**EXERCISE AIM:**
Retype only what runs from the first line of the records to the line with "from ezdxf.enums import", inclusive, and no pictures.

**DATA:**
----
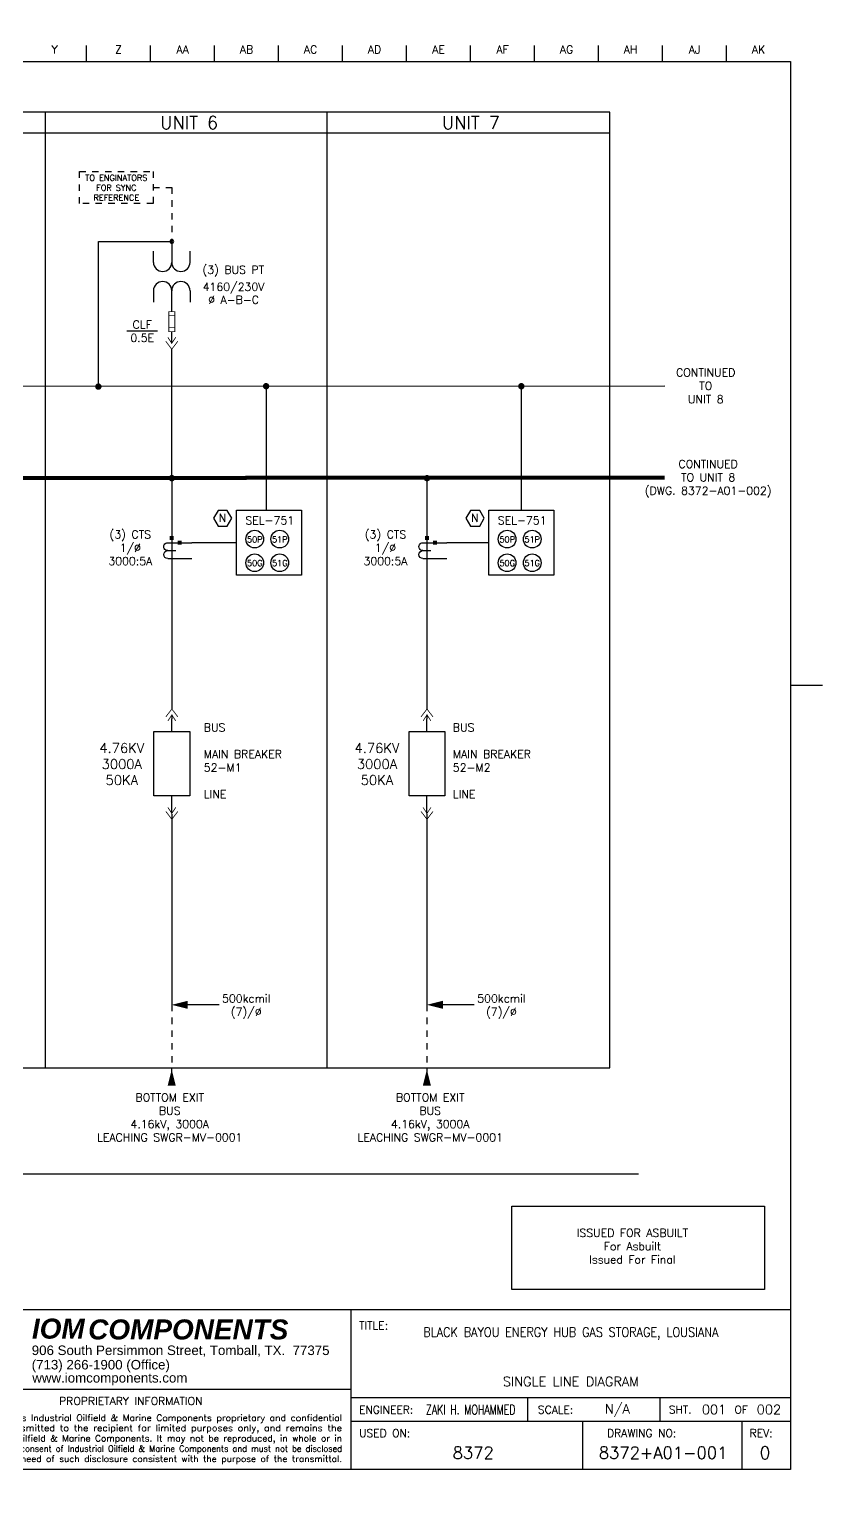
# Model space of a CAD drawing. Header units: inches. Extents: x -0.7 to 34.5, y -0.5 to 22.5.
# Drawn here: x 22.11 to 34.5, y -0.5 to 22.5 of the extents above; entities that cross this region are included whole.
import ezdxf
from ezdxf.enums import TextEntityAlignment as Align

# ---------------------------------------------------------------- set-up
doc = ezdxf.new("R2010")
doc.units = ezdxf.units.IN
doc.header["$MEASUREMENT"] = 0
doc.linetypes.add('HIDDEN', pattern=[0.375, 0.25, -0.125])
for name, color, linetype in [('BM', 5, 'Continuous'), ('INFORBORDER', 3, 'Continuous'), ('OBJ', 3, 'Continuous'), ('SYMS', 7, 'Continuous'), ('TEXT', 3, 'Continuous'), ('TEXT2', 8, 'Continuous'), ('WIRES', 7, 'Continuous')]:
    doc.layers.add(name, color=color, linetype=linetype)
doc.styles.add('IDS', font='arial.ttf')
doc.styles.add('LOGO', font='arialbi.ttf')
doc.styles.get("Standard").update_dxf_attribs({"font": 'ROMANS.SHX'})
doc.styles.add('TITLEBLK', font='romans.shx')
doc.styles.add('WD', font='txt')

# ---------------------------------------------------------------- blocks, each defined once
blk = doc.blocks.new('TITLE')
at = {"layer": 'TEXT', "style": 'TITLEBLK'}
for tag, height, p in [('LINE1', 0.148, (3.433, -0.311)), ('LINE2', 0.148, (3.433, -0.561)), ('LINE3', 0.148, (3.433, -0.811)), ('LINE4', 0.148, (3.433, -1.061)), ('ENG', 0.148, (1.868, -1.501)), ('SCALE', 0.148, (4.159, -1.498)), ('SHT', 0.148, (5.67, -1.499)), ('OF', 0.148, (6.528, -1.499)), ('PROJECT', 0.148, (1.907, -2.173)), ('DWGNO', 0.197, (4.983, -2.173)), ('REV', 0.197, (6.467, -2.173))]:
    blk.add_attdef(tag, text='', height=height, dxfattribs=at).set_placement(p, align=Align.MIDDLE)
blk = doc.blocks.new('IOM_TITLE_BLOCK_BORDER')
at = {"layer": 'INFORBORDER', "color": 5}
for p, q in [((17, 22), (17, 22.5)), ((1, 22), (1, 22.25)), ((2, 22), (2, 22.25)), ((3, 22), (3, 22.25)), ((4, 22), (4, 22.25)), ((5, 22), (5, 22.25)), ((6, 22), (6, 22.25)), ((7, 22), (7, 22.25)), ((8, 22), (8, 22.25)), ((9, 22), (9, 22.25)), ((10, 22), (10, 22.25)), ((11, 22), (11, 22.25)), ((12, 22), (12, 22.25)), ((13, 22), (13, 22.25)), ((14, 22), (14, 22.25)), ((15, 22), (15, 22.25)), ((16, 22), (16, 22.25)), ((18, 22), (18, 22.25)), ((19, 22), (19, 22.25)), ((20, 22), (20, 22.25)), ((21, 22), (21, 22.25)), ((22, 22), (22, 22.25)), ((23, 22), (23, 22.25)), ((24, 22), (24, 22.25)), ((25, 22), (25, 22.25)), ((26, 22), (26, 22.25)), ((27, 22), (27, 22.25)), ((28, 22), (28, 22.25)), ((29, 22), (29, 22.25)), ((30, 22), (30, 22.25)), ((31, 22), (31, 22.25)), ((32, 22), (32, 22.25)), ((33, 22), (33, 22.25)), ((0, 0), (0, 22)), ((0, 22), (34, 22)), ((34, 22), (34, 0)), ((0, 12.25), (-0.5, 12.25)), ((34.5, 12.25), (34, 12.25)), ((34, 0), (0, 0)), ((17, -0.5), (17, 0))]:
    blk.add_line(p, q, dxfattribs=at)
at = {"color": 7, "ltscale": 0.2}
for s, p in [('A', (0.5, 22.125)), ('B', (1.5, 22.125)), ('C', (2.5, 22.125)), ('D', (3.5, 22.125)), ('E', (4.5, 22.125)), ('F', (5.5, 22.125)), ('G', (6.5, 22.125)), ('H', (7.5, 22.125)), ('J', (8.5, 22.125)), ('K', (9.5, 22.125)), ('L', (10.5, 22.125)), ('M', (11.5, 22.125)), ('N', (12.5, 22.125)), ('P', (13.5, 22.125)), ('Q', (14.5, 22.125)), ('R', (15.5, 22.125)), ('S', (16.5, 22.125)), ('T', (17.5, 22.125)), ('U', (18.5, 22.125)), ('V', (19.5, 22.125)), ('W', (20.5, 22.125)), ('X', (21.5, 22.125)), ('Y', (22.5, 22.125)), ('Z', (23.5, 22.125)), ('AA', (24.5, 22.125)), ('AB', (25.5, 22.125)), ('AC', (26.5, 22.125)), ('AD', (27.5, 22.125)), ('AE', (28.5, 22.125)), ('AF', (29.5, 22.125)), ('AG', (30.5, 22.125)), ('AH', (31.5, 22.125)), ('AJ', (32.5, 22.125)), ('AK', (33.5, 22.125))]:
    blk.add_text(s, height=0.125, dxfattribs=at).set_placement(p, align=Align.CENTER)
blk = doc.blocks.new('VC01PJ_1-')
blk.add_line((0, -0.031), (0, -0.094))
for points in [[(-0.094, -0.062, 0.0125, 0.0125, 0), (0, 0.062, 0.0125, 0.0125, 0), (0.094, -0.062, 0, 0, 0)], [(0.062, -0.125, 0.0125, 0.0125, 0), (0, -0.031, 0.0125, 0.0125, 0), (-0.062, -0.125, 0, 0, 0)]]:
    blk.add_lwpolyline(points, format="xyseb")
at = {"linetype": 'Continuous', "style": 'WD', "width": 0.85, "flags": 8}
blk.add_attdef('TERM01', text='', height=0.125, dxfattribs=at).set_placement((-0.055, 0.113), align=Align.RIGHT)
at = {"style": 'WD', "width": 0.85}
for tag, p in [('INST', (0.219, 0.25)), ('TAG1', (0.221, -0.092)), ('LOC', (0.219, 0.078)), ('DESC1', (0.219, -0.266)), ('DESC2', (0.219, -0.438)), ('DESC3', (0.219, -0.609))]:
    blk.add_attdef(tag, p, '', height=0.125, dxfattribs=at)
at = {"style": 'WD'}
for tag, p, height, flags in [('FAMILY', (-0.132, 0.064), 0.01, 9), ('X2TERM01', (0, 0.062), 0.0125, 1), ('X2TERMDESC01', (0.026, 0.042), 0.01, 1), ('X8TERM02', (0, -0.094), 0.0125, 1), ('X8TERMDESC02', (0.013, -0.115), 0.01, 1)]:
    blk.add_attdef(tag, p, '', height=height, dxfattribs=dict(at, flags=flags))
at = {"linetype": 'Continuous', "style": 'WD', "flags": 9}
for tag, p in [('MFG', (-0.109, 0)), ('CAT', (-0.107, 0.019)), ('ASSYCODE', (-0.109, -0.014))]:
    blk.add_attdef(tag, text='', height=0.01, dxfattribs=at).set_placement(p, align=Align.CENTER)
at = {"linetype": 'Continuous', "style": 'WD', "width": 0.85, "flags": 8}
blk.add_attdef('TERM02', text='', height=0.125, dxfattribs=at).set_placement((-0.041, -0.151), align=Align.TOP_RIGHT)
at = {"color": 7, "style": 'WD', "flags": 1}
blk.add_attdef('WDTYPE', (-0.237, -0.081), '', height=0.01, dxfattribs=at)
at = {"style": 'WD', "flags": 9}
blk.add_attdef('WDBLKNAM', text='', height=0.01, dxfattribs=at).set_placement((-0.16, -0.106), align=Align.RIGHT)
at = {"style": 'WD'}
for tag, p in [('X4LINK', (-0.125, -0.062)), ('X1LINK', (0.125, -0.062))]:
    blk.add_attdef(tag, p, '', height=0.01, dxfattribs=at)
blk = doc.blocks.new('1LCT1A')
at = {"layer": 'OBJ'}
for p, q in [((-0.062, 0.323), (0.312, 0.323)), ((-0.062, 0.198), (0.062, 0.198)), ((-0.062, 0.075), (0.312, 0.075))]:
    blk.add_line(p, q, dxfattribs=at)
for centre, radius, start, end in [((-0.062, 0.261), 0.0625, 90, 270), ((-0.063, 0.137), 0.0618, 89.3683, 270.6317)]:
    blk.add_arc(centre, radius, start, end, dxfattribs=at)
for points in [[(-0.031, -0.031), (-0.031, 0.031), (0.031, -0.031), (0.031, 0.031)], [(0.094, 0.042), (0.094, 0.105), (0.156, 0.042), (0.156, 0.105)]]:
    blk.add_solid(points, dxfattribs=at)
blk = doc.blocks.new('CSHEXA')
for p, q in [((-0.072, 0.124), (-0.144, 0)), ((-0.144, 0), (-0.072, -0.124)), ((0.072, 0.124), (-0.072, 0.124)), ((0.144, 0), (0.072, 0.124)), ((0.072, -0.124), (0.144, 0)), ((-0.072, -0.124), (0.072, -0.124))]:
    blk.add_line(p, q)
blk = doc.blocks.new('WD1005')
at = {"layer": 'OBJ', "const_width": 0.05}
blk.add_lwpolyline([(-0.025, 0, 1), (0.025, 0, 1)], format="xyb", close=True, dxfattribs=at)
blk = doc.blocks.new('HC01PJ_1-')
blk.add_line((0.031, 0), (0.094, 0))
for points in [[(0.062, -0.094, 0.0125, 0.0125, 0), (-0.062, 0, 0.0125, 0.0125, 0), (0.062, 0.094, 0, 0, 0)], [(0.125, 0.062, 0.0125, 0.0125, 0), (0.031, 0, 0.0125, 0.0125, 0), (0.125, -0.062, 0, 0, 0)]]:
    blk.add_lwpolyline(points, format="xyseb")
at = {"style": 'WD', "width": 0.85}
for tag, p in [('INST', (-0.012, 0.467)), ('TAG1', (-0.01, 0.125)), ('LOC', (-0.012, 0.295)), ('DESC1', (-0.01, -0.344)), ('DESC2', (-0.01, -0.516)), ('DESC3', (-0.01, -0.687))]:
    blk.add_attdef(tag, text='', height=0.125, dxfattribs=at).set_placement(p, align=Align.CENTER)
at = {"style": 'WD', "flags": 9}
blk.add_attdef('WDTYPE', text='', height=0.01, dxfattribs=at).set_placement((-0.221, 0.075), align=Align.RIGHT)
at = {"style": 'WD'}
for tag, p, flags in [('X4TERMDESC01', (-0.094, 0.031), 1), ('X1TERMDESC02', (0.125, 0.031), 1), ('FAMILY', (0.206, 0.131), 9)]:
    blk.add_attdef(tag, p, '', height=0.01, dxfattribs=dict(at, flags=flags))
at = {"color": 7, "style": 'WD', "flags": 1}
for tag, p in [('X4TERM01', (-0.062, 0)), ('X1TERM02', (0.094, 0))]:
    blk.add_attdef(tag, p, '', height=0.0125, dxfattribs=at)
at = {"style": 'WD'}
for tag, p in [('X2LINK', (0, 0.094)), ('X8LINK', (0, -0.094))]:
    blk.add_attdef(tag, p, '', height=0.01, dxfattribs=at)
at = {"linetype": 'Continuous', "style": 'WD', "flags": 9}
for tag, p in [('ASSYCODE', (0.219, 0.062)), ('MFG', (0.228, 0.089)), ('CAT', (0.23, 0.108))]:
    blk.add_attdef(tag, text='', height=0.01, dxfattribs=at).set_placement(p, align=Align.CENTER)
at = {"linetype": 'Continuous', "style": 'WD', "flags": 8}
blk.add_attdef('TERM01', text='', height=0.125, dxfattribs=at).set_placement((-0.104, -0.031), align=Align.TOP_RIGHT)
blk.add_attdef('TERM02', text='', height=0.125, dxfattribs=at).set_placement((0.146, -0.031), align=Align.TOP_LEFT)
blk = doc.blocks.new('WDDOT')
for radius in [0.03, 0.0187, 0.00929]:
    blk.add_circle((0, 0), radius)

msp = doc.modelspace()

# ---------------------------------------------------------------- linework, layer by layer
at = {"color": 4, "ltscale": 0.2}
for p, q in [((31.176, 21.206), (0.346, 21.206)), ((22.356, 6.279), (22.356, 21.206)), ((26.758, 6.279), (26.758, 21.206)), ((31.176, 6.279), (31.176, 21.206)), ((0.346, 20.884), (31.176, 20.884)), ((0.346, 6.279), (31.176, 6.279))]:
    msp.add_line(p, q, dxfattribs=at)
at = {"color": 7, "linetype": 'HIDDEN', "ltscale": 0.2}
for p, q in [((24.039, 20.031), (24.331, 20.031)), ((24.331, 20.031), (24.331, 19.188)), ((24.33, 7.261), (24.329, 5.999)), ((28.317, 7.261), (28.317, 5.999))]:
    msp.add_line(p, q, dxfattribs=at)
at = {"color": 7, "ltscale": 0.2}
for p, q in [((23.184, 16.92), (23.184, 19.188)), ((23.184, 19.188), (24.331, 19.188)), ((23.63, 17.789), (24.108, 17.789)), ((24.331, 15.489), (24.331, 17.504)), ((32.033, 16.926), (2.679, 16.92)), ((25.805, 16.926), (25.805, 14.987)), ((29.793, 16.926), (29.793, 14.987)), ((25.34, 14.481), (24.642, 14.481)), ((29.284, 14.481), (28.63, 14.481)), ((24.332, 11.533), (24.332, 11.728)), ((28.319, 11.533), (28.319, 11.728)), ((24.332, 10.315), (24.332, 10.525)), ((28.319, 10.315), (28.319, 10.525)), ((24.33, 10.242), (24.33, 7.261)), ((28.317, 10.242), (28.317, 7.261)), ((25.071, 7.261), (24.58, 7.261)), ((29.058, 7.261), (28.567, 7.261)), ((31.626, 4.614), (0.505, 4.614))]:
    msp.add_line(p, q, dxfattribs=at)
for p, q in [((24.046, 18.861), (24.046, 19.038)), ((24.616, 18.861), (24.616, 19.038)), ((24.046, 18.418), (24.046, 18.24)), ((24.616, 18.418), (24.616, 18.24))]:
    msp.add_line(p, q)
at = {"color": 7, "linetype": 'HIDDEN', "ltscale": 0.2}
msp.add_lwpolyline([(22.888, 20.283), (24.039, 20.283), (24.039, 19.78), (22.888, 19.78)], close=True, dxfattribs=at)
at = {"const_width": 0.0125}
msp.add_lwpolyline([(24.378, 17.777), (24.378, 18.09), (24.284, 18.09), (24.284, 17.777)], close=True, dxfattribs=at)
for points in [[(24.378, 18.027), (24.284, 18.027)], [(24.378, 17.84), (24.284, 17.84)]]:
    msp.add_lwpolyline(points, dxfattribs=at)
at = {"color": 7, "ltscale": 0.2}
for points in [[(2.679, 15.489, 0.0625, 0.0625, 0), (32.033, 15.496, 0.125, 0.125, 0)], [(24.33, 7.261, 0, 0.125, 0), (24.58, 7.261, 0.125, 0.125, 0)], [(28.317, 7.261, 0, 0.125, 0), (28.567, 7.261, 0.125, 0.125, 0)], [(24.33, 6.249, 0, 0.125, 0), (24.33, 5.999, 0.125, 0.125, 0)], [(28.317, 6.249, 0, 0.125, 0), (28.317, 5.999, 0.125, 0.125, 0)]]:
    msp.add_lwpolyline(points, format="xyseb", dxfattribs=at)
for points in [[(25.34, 14.987), (26.357, 14.987), (26.357, 13.976), (25.34, 13.976), (25.34, 14.987)], [(29.284, 14.987), (30.302, 14.987), (30.302, 13.976), (29.284, 13.976), (29.284, 14.987)]]:
    msp.add_lwpolyline(points, dxfattribs=at)
for points in [[(24.05, 11.533), (24.613, 11.533), (24.613, 10.525), (24.05, 10.525)], [(28.038, 11.533), (28.6, 11.533), (28.6, 10.525), (28.038, 10.525)], [(29.645, 4.114), (33.591, 4.114), (33.591, 2.812), (29.645, 2.812)]]:
    msp.add_lwpolyline(points, close=True, dxfattribs=at)
for centre in [(25.627, 14.537), (26.018, 14.537), (29.571, 14.537), (29.963, 14.537), (25.627, 14.167), (26.018, 14.167), (29.571, 14.167), (29.963, 14.167)]:
    msp.add_circle(centre, 0.138, dxfattribs=at)
for centre, start, end in [((24.188, 18.861), 180, 0), ((24.473, 18.861), 180, 0), ((24.188, 18.418), 0, 180), ((24.473, 18.418), 0, 180)]:
    msp.add_arc(centre, 0.143, start, end)
at = {"layer": 'INFORBORDER', "color": 5}
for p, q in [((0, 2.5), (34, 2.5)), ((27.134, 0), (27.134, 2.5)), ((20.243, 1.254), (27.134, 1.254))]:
----
**WRITTEN SOLUTION:**
# Model space of a CAD drawing. Header units: inches. Extents: x -0.7 to 34.5, y -0.5 to 22.5.
# Drawn here: x 22.11 to 34.5, y -0.5 to 22.5 of the extents above; entities that cross this region are included whole.
import ezdxf
from ezdxf.enums import TextEntityAlignment as Align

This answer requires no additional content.